Como cristiano comprometido que he sido, lanzo mi voz de alerta contra aquellos que parecieran pretender manipular los eventos religiosos que se aproximan en la República de Panamá, como lo es la Jornada Mundial de la Juventud de 2019.

Frente a las críticas a la Iglesia Católica, tan reiteradas por quienes ni siquiera la primera piedra pueden tirar, he sido solidario con ella. Hay quienes, con aviesos propósitos, pretenden confundir la actuación de un sacerdote con la misma Iglesia, cuando para los creyentes, el cuerpo eclesial lo constituimos todos; somos cada uno de nosotros. Un grupo indivisible del cual formamos parte: obispos, sacerdotes, diáconos, religiosos y laicos, lo que conocemos como el Pueblo de Dios.

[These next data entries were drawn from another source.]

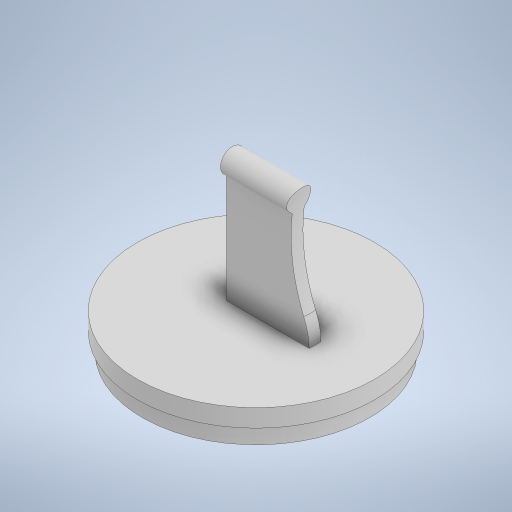
# Autodesk Inventor part: Basic seal circle head beserk simple a
Saved by Autodesk Inventor 2024 (Build 280153000, 153)
## iProperties
Created: 2023-05-18
Part Number: Basic seal circle head beserk simple a
Material: Generic
Document SubType Name: Modeling
Designer: newic
Density: 1 g/cm^3
Appearance: Default
Author: newic
Autodesk Inventor part; units mm, degrees
(part 1 of 2)
ref_plane "YZ Plane" through (0, 0, 0) normal (1, 0, 0) x (0, 1, 0)
ref_plane "XZ Plane" through (0, 0, 0) normal (0, 1, 0) x (-1, 0, 0)
ref_plane "XY Plane" through (0, 0, 0) normal (0, 0, 1) x (1, 0, 0)
sketch "Sketch1" plane through (0, 0, 0) normal (0, 1, 0) x (-1, 0, 0)
  circle A0 centre (0, 0) radius 12.7
  line L0 (12.7, 12.7) -> (12.7, -12.7) construction
  line L1 (12.7, -12.7) -> (-12.7, -12.7) construction
  line L2 (-12.7, -12.7) -> (-12.7, 12.7) construction
  line L3 (-12.7, 12.7) -> (12.7, 12.7) construction
  circle A1 centre (0, 0) radius 12.1875
  circle A2 centre (0, 0) radius 11.5722
  line L4 (12.7, 0) -> (-28.224, 0)
  spline S0 degree 4 poles (7.5608, 0) (7.5871, -0.2498) (7.5716, -0.8639) (7.6635, -1.72) (7.771, -2.5827) (7.8796, -3.1444) (8.0283, -3.9996) (8.2528, -4.7367) (8.3389, -5.0369) (8.4927, -5.4299) (8.607, -5.7477) (8.7077, -5.9466) (8.7297, -6.0528) (8.7259, -6.1323) (8.6915, -6.2267) (8.6084, -6.3073) (8.4656, -6.4322) (8.3108, -6.5585) (7.9581, -6.8561) (7.7627, -7.0404) (7.5994, -7.1572) (7.2874, -7.4352) (7.0492, -7.6385) (6.8557, -7.7767) (6.6363, -7.9955) (6.5444, -8.04) (6.425, -8.09) (6.3049, -8.0852) (6.1612, -8.0439) (5.8673, -7.9243) (5.2047, -7.7184) (4.9544, -7.6282) (4.5834, -7.5418) (3.9869, -7.3825) (3.5585, -7.2836) (3.3261, -7.2353) (2.6639, -7.1283) (2.4923, -7.0851) (1.885, -7.0109) (1.2249, -6.9515) (0.9978, -6.9092) (-0.0967, -6.8274) (-0.0908, -6.8879) (-0.9888, -6.8956) (-1.4498, -6.994) (-2.157, -7.03) (-2.8755, -7.1861) (-3.3866, -7.2397) (-4.3934, -7.4794) (-4.8139, -7.612) (-5.3152, -7.7313) (-5.615, -7.8484) (-5.8655, -7.9444) (-6.1746, -8.0443) (-6.2691, -8.0783) (-6.3955, -8.0918) (-6.486, -8.0779) (-6.6705, -8.0058) (-6.661, -7.9168) (-6.8879, -7.7874) (-7.0089, -7.6489) (-7.1824, -7.5178) (-7.3229, -7.3873) (-7.5822, -7.175) (-7.7931, -7.0025) (-8.0826, -6.7466) (-8.2527, -6.613) (-8.4352, -6.4317) (-8.5724, -6.3549) (-8.667, -6.2237) (-8.6858, -6.2037) (-8.7162, -6.092) (-8.7131, -6.0317) (-8.695, -5.9554) (-8.5854, -5.7043) (-8.4697, -5.4626) (-8.3913, -5.2076) (-8.2879, -4.9538) (-8.1958, -4.6121) (-8.0468, -4.045) (-7.9725, -3.8304) (-7.7592, -2.661) (-7.6907, -2.1909) (-7.6151, -1.4373) (-7.564, -0.619) (-7.5516, -0.3428) (-7.5554, -0.0046) (-7.5638, 0) knots 0 0 0 0 0 0.039296 0.055908 0.073069 0.090127 0.10618 0.121509 0.134965 0.146316 0.15619 0.164179 0.170591 0.176443 0.182863 0.190407 0.199969 0.210544 0.221389 0.232964 0.244031 0.25516 0.266564 0.276442 0.284967 0.292352 0.298886 0.30652 0.31685 0.32851 0.341463 0.355682 0.368855 0.381917 0.395666 0.408085 0.420945 0.435034 0.448763 0.464427 0.47884 0.493305 0.508372 0.522986 0.539358 0.555691 0.57306 0.589942 0.605994 0.620829 0.633477 0.645128 0.655027 0.663676 0.671144 0.677933 0.684628 0.692084 0.700281 0.708721 0.71788 0.727519 0.737693 0.74871 0.760009 0.770972 0.781161 0.789961 0.797299 0.803676 0.809144 0.814179 0.820577 0.828361 0.837524 0.847989 0.859019 0.870721 0.882901 0.897625 0.913523 0.930287 0.948149 0.964022 0.978288 1 1 1 1 1
  spline S1 degree 4 poles (7.5608, 0) (7.5871, 0.2498) (7.5716, 0.8639) (7.6635, 1.72) (7.771, 2.5827) (7.8796, 3.1444) (8.0283, 3.9996) (8.2528, 4.7367) (8.3389, 5.0368) (8.4927, 5.4299) (8.607, 5.7477) (8.7077, 5.9466) (8.7297, 6.0528) (8.7259, 6.1323) (8.6915, 6.2267) (8.6084, 6.3073) (8.4656, 6.4322) (8.3108, 6.5585) (7.9581, 6.8561) (7.7627, 7.0404) (7.5994, 7.1572) (7.2874, 7.4352) (7.0492, 7.6385) (6.8557, 7.7767) (6.6363, 7.9955) (6.5444, 8.04) (6.425, 8.09) (6.3049, 8.0852) (6.1612, 8.0439) (5.8673, 7.9243) (5.2047, 7.7184) (4.9544, 7.6282) (4.5834, 7.5418) (3.9869, 7.3825) (3.5585, 7.2836) (3.3261, 7.2353) (2.6639, 7.1283) (2.4923, 7.0851) (1.885, 7.0109) (1.2249, 6.9515) (0.9978, 6.9092) (-0.0967, 6.8274) (-0.0908, 6.8879) (-0.9888, 6.8956) (-1.4498, 6.994) (-2.157, 7.03) (-2.8755, 7.1861) (-3.3866, 7.2397) (-4.3934, 7.4794) (-4.8139, 7.612) (-5.3152, 7.7313) (-5.615, 7.8484) (-5.8655, 7.9444) (-6.1746, 8.0443) (-6.2691, 8.0783) (-6.3955, 8.0918) (-6.486, 8.0779) (-6.6705, 8.0058) (-6.661, 7.9168) (-6.8879, 7.7874) (-7.0089, 7.6489) (-7.1824, 7.5178) (-7.3229, 7.3873) (-7.5822, 7.175) (-7.7931, 7.0025) (-8.0826, 6.7466) (-8.2527, 6.613) (-8.4352, 6.4317) (-8.5724, 6.3549) (-8.667, 6.2237) (-8.6858, 6.2037) (-8.7162, 6.092) (-8.7131, 6.0317) (-8.695, 5.9554) (-8.5854, 5.7043) (-8.4697, 5.4626) (-8.3913, 5.2076) (-8.2879, 4.9538) (-8.1958, 4.6121) (-8.0468, 4.045) (-7.9725, 3.8304) (-7.7592, 2.661) (-7.6907, 2.1909) (-7.6151, 1.4373) (-7.564, 0.619) (-7.5516, 0.3428) (-7.5554, 0.0046) (-7.5638, 0) knots 0 0 0 0 0 0.039296 0.055908 0.073069 0.090127 0.10618 0.121509 0.134965 0.146316 0.15619 0.164179 0.170591 0.176443 0.182863 0.190407 0.199969 0.210544 0.221389 0.232964 0.244031 0.25516 0.266564 0.276442 0.284967 0.292352 0.298886 0.30652 0.31685 0.32851 0.341463 0.355682 0.368855 0.381917 0.395666 0.408085 0.420945 0.435034 0.448763 0.464427 0.47884 0.493305 0.508372 0.522986 0.539358 0.555691 0.57306 0.589942 0.605994 0.620829 0.633477 0.645128 0.655027 0.663676 0.671144 0.677933 0.684628 0.692084 0.700281 0.708721 0.71788 0.727519 0.737693 0.74871 0.760009 0.770972 0.781161 0.789961 0.797299 0.803676 0.809144 0.814179 0.820577 0.828361 0.837524 0.847989 0.859019 0.870721 0.882901 0.897625 0.913523 0.930287 0.948149 0.964022 0.978288 1 1 1 1 1
  spline S2 degree 4 poles (6.6698, 0) (6.6871, -0.3978) (6.6713, -0.7815) (6.7409, -1.5229) (6.8536, -2.5936) (6.9252, -2.906) (7.0997, -3.8444) (7.2267, -4.3825) (7.3633, -4.7956) (7.4896, -5.3512) (7.6112, -5.5391) (7.6677, -5.7689) (7.6975, -5.7897) (7.7062, -5.8965) (7.6285, -5.9815) (7.572, -6.0514) (7.3996, -6.178) (7.1331, -6.4178) (6.9588, -6.5681) (6.6364, -6.8323) (6.5004, -6.9541) (6.3704, -7.0647) (6.3037, -7.1086) (6.2234, -7.1388) (6.1631, -7.1283) (6.0268, -7.0924) (5.9076, -7.0514) (5.5806, -6.952) (5.3855, -6.8908) (5.038, -6.812) (4.9484, -6.7624) (4.2814, -6.6028) (4.0156, -6.5429) (3.8882, -6.5183) (3.3037, -6.3965) (2.8824, -6.3286) (2.5502, -6.2731) (2.4025, -6.2241) (1.6246, -6.1518) (1.37, -6.0874) (1.1134, -6.1) (0.6072, -6.0267) (0.5913, -6.054) (0.1833, -6.0225) (0.0815, -6.0123) (-0.2846, -6.0335) (-0.5883, -6.0362) (-0.9225, -6.0806) (-1.3996, -6.1121) (-1.6329, -6.1378) (-2.1126, -6.197) (-2.4639, -6.2503) (-2.782, -6.3007) (-3.1586, -6.3702) (-3.2077, -6.3787) (-3.7538, -6.4818) (-4.0918, -6.5436) (-4.3482, -6.6242) (-4.8814, -6.7303) (-5.2054, -6.8556) (-5.5087, -6.9063) (-5.6572, -6.9822) (-5.9526, -7.0706) (-6.1139, -7.1317) (-6.1762, -7.1269) (-6.2789, -7.1205) (-6.425, -7.0257) (-6.5484, -6.9167) (-6.706, -6.7703) (-6.9687, -6.5457) (-7.0919, -6.4669) (-7.3885, -6.1958) (-7.4865, -6.1263) (-7.6283, -5.9822) (-7.6822, -5.9316) (-7.7081, -5.8596) (-7.7006, -5.7637) (-7.6112, -5.6344) (-7.5282, -5.3549) (-7.4652, -5.1836) (-7.3295, -4.7829) (-7.1819, -4.1547) (-7.1117, -3.848) (-6.9524, -3.2013) (-6.8781, -2.6524) (-6.8463, -2.4403) (-6.7659, -1.8396) (-6.735, -1.4493) (-6.7089, -1.1731) (-6.6784, -0.6337) (-6.6716, -0.3941) (-6.6731, -0.0474) (-6.6763, 0) knots 0 0 0 0 0 0.039448 0.055349 0.072269 0.088737 0.104506 0.120552 0.134467 0.146293 0.155548 0.162505 0.168442 0.174025 0.180717 0.189099 0.198791 0.210185 0.221737 0.232089 0.240921 0.247815 0.253612 0.259204 0.265359 0.273108 0.282299 0.292472 0.302955 0.314654 0.326295 0.337305 0.349803 0.361846 0.37389 0.386284 0.399242 0.411449 0.423896 0.437159 0.44785 0.458402 0.468238 0.477683 0.488335 0.499312 0.51153 0.523717 0.536339 0.54908 0.561517 0.573881 0.584661 0.595665 0.606838 0.61814 0.631344 0.644301 0.656608 0.668396 0.679342 0.688982 0.697238 0.704622 0.711137 0.717919 0.725945 0.735426 0.745345 0.756153 0.766663 0.776344 0.78489 0.791619 0.7976 0.803458 0.810655 0.819014 0.829148 0.841433 0.854403 0.869138 0.884301 0.898105 0.912368 0.925751 0.938316 0.951323 0.9634 0.975086 1 1 1 1 1
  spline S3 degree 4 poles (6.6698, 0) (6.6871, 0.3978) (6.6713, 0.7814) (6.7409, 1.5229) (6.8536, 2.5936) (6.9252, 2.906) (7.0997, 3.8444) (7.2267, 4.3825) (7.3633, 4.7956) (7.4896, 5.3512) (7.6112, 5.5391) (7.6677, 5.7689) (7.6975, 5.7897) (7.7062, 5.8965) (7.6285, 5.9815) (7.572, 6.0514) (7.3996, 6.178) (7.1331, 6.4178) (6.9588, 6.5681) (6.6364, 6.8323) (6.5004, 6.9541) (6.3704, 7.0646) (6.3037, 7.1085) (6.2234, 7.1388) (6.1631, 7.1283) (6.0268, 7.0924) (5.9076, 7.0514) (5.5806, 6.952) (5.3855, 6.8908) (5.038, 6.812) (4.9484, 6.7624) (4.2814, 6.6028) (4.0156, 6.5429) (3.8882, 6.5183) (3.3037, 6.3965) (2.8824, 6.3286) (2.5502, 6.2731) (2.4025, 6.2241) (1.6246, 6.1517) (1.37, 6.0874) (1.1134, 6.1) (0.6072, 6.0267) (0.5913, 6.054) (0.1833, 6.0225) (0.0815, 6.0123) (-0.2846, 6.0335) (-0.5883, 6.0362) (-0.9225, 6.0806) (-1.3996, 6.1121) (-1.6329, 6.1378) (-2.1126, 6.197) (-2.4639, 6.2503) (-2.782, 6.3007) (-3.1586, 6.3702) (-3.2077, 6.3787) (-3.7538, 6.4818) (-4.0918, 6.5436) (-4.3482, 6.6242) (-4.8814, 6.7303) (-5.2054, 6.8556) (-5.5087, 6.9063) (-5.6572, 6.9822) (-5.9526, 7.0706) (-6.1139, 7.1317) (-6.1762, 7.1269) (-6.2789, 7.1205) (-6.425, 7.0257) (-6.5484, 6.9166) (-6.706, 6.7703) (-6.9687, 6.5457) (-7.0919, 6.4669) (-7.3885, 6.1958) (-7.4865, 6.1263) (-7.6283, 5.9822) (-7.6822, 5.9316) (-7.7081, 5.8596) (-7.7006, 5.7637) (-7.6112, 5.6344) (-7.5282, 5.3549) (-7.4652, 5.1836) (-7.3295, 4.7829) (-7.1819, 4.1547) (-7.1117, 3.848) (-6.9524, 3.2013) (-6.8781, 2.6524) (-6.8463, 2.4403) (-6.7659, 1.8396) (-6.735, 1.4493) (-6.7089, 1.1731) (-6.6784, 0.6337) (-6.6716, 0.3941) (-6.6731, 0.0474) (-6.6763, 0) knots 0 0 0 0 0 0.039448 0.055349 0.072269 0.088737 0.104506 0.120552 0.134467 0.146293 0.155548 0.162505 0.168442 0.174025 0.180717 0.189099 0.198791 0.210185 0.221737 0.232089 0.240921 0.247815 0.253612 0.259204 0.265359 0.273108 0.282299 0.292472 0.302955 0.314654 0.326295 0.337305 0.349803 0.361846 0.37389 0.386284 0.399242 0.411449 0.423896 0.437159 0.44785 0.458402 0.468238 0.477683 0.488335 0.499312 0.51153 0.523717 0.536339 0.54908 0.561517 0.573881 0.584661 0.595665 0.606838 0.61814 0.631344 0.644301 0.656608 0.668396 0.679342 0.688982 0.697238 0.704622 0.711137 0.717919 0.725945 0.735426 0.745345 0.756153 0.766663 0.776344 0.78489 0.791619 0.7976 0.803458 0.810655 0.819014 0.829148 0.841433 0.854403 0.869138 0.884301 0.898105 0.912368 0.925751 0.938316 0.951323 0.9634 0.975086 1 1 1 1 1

Cuando ha sido atacada por quienes adversan que los templos católicos como la Catedral Metropolitana, los del Casco Viejo y los del interior, como Nata de los Caballeros, sean remozados con fondos públicos he sido de los que argumenta que tales lugares, si bien de culto religioso, constituyen parte importante de nuestro Patrimonio Histórico que debemos preservar tal como lo hacen tantos países. No solo eso, sino que se convierten en lugares de peregrinación turística.

Sentado lo anterior, es preciso señalar lo que veo alrededor de una posible politización de los asuntos religiosos de parte de nuestras autoridades. Como bien decía Cristo, al referirse a los fariseos, no son necesariamente creyentes los que anuncian a los cuatro vientos lo que profesan. La religión, para que tenga sustancia, debe ser un asunto eminentemente espiritual entre Dios y el hombre mismo. El que practica su religión para que los demás se percaten de ello, simplemente, de acuerdo a lo que aprendí en mis años del Colegio La Salle, entra en la categoría de ‘fariseos', de los mercaderes del templo que Jesús largó a punta de latigazos.

Seré de los primeros en apuntarme para hospedar a un par de jóvenes que vengan a la Jornada Mundial de la Juventud. Creo en la solidaridad. Los jóvenes merecen el espacio que en muchos casos no le dan los gobernantes. Es excelente que la Iglesia llene ese vacío brindando ese necesario espacio para su desarrollo espiritual, lo cual les ayudará a alejarse de todos aquellos flagelos que tanto afectan negativamente a nuestros jóvenes.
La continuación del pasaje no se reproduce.